Items listed in a dataset:
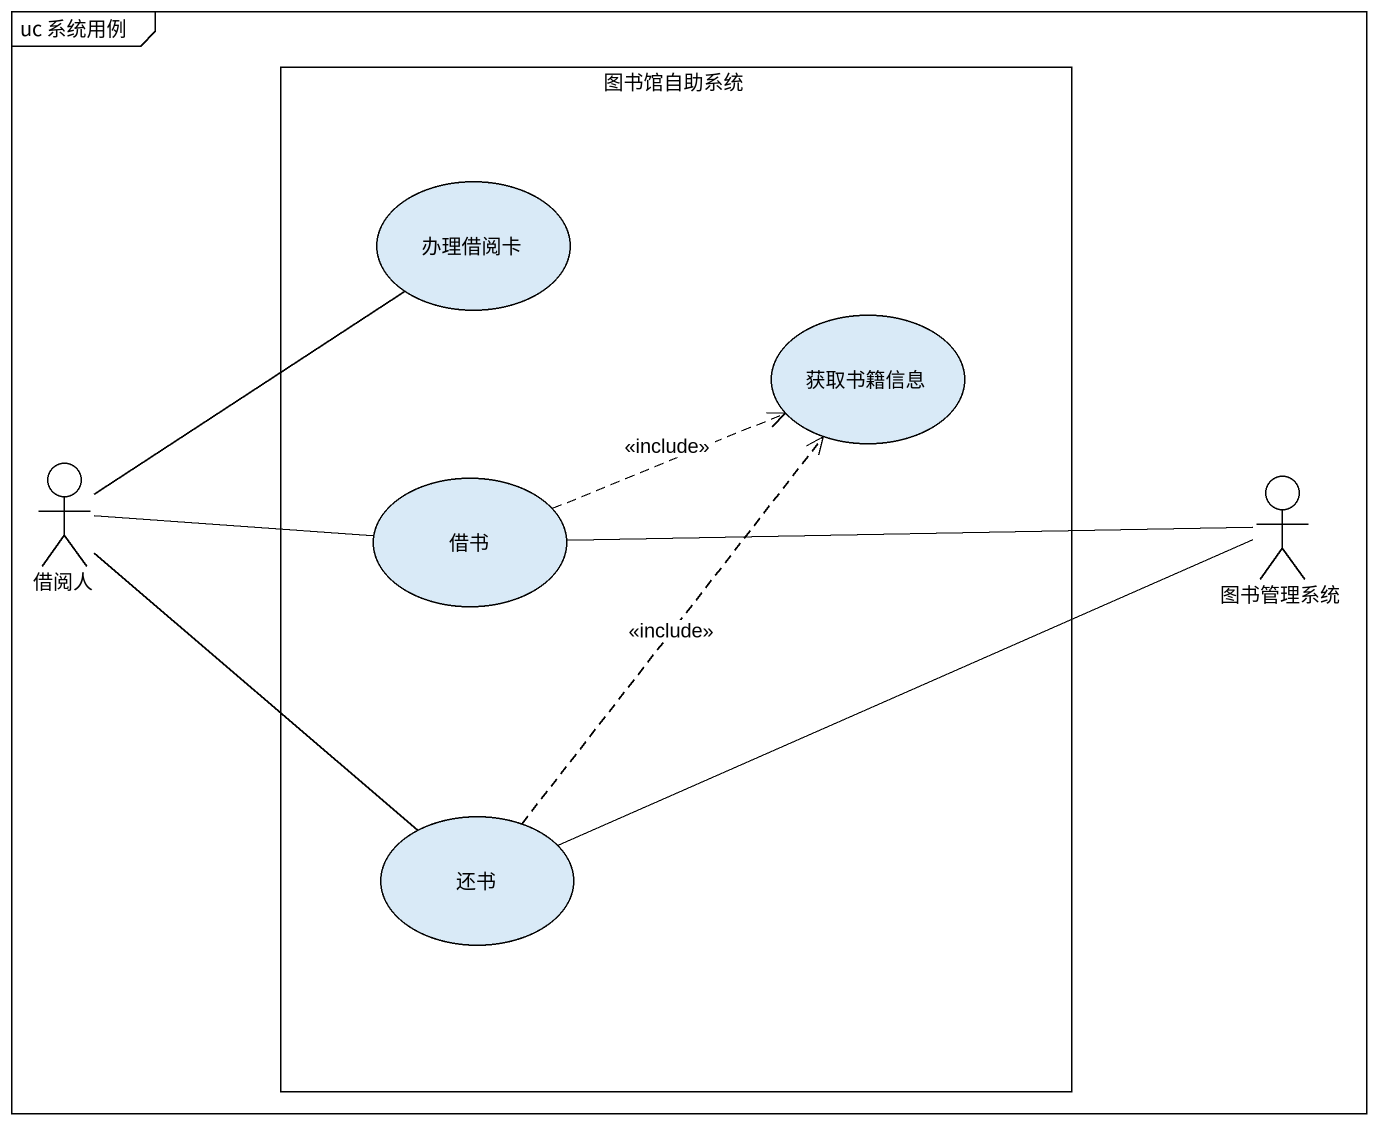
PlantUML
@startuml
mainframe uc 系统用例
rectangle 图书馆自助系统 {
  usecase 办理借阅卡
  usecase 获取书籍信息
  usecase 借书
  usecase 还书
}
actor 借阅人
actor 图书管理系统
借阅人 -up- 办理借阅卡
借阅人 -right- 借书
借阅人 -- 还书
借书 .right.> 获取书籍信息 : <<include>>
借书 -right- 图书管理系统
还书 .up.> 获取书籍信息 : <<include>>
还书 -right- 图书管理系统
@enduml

▶ [Problem to work on]: Print every entry verbatim and leave all pictures out.

▶ [Output of the task]:
PlantUML
@startuml
mainframe uc 系统用例
rectangle 图书馆自助系统 {
  usecase 办理借阅卡
  usecase 获取书籍信息
  usecase 借书
  usecase 还书
}
actor 借阅人
actor 图书管理系统
借阅人 -up- 办理借阅卡
借阅人 -right- 借书
借阅人 -- 还书
借书 .right.> 获取书籍信息 : <<include>>
借书 -right- 图书管理系统
还书 .up.> 获取书籍信息 : <<include>>
还书 -right- 图书管理系统
@enduml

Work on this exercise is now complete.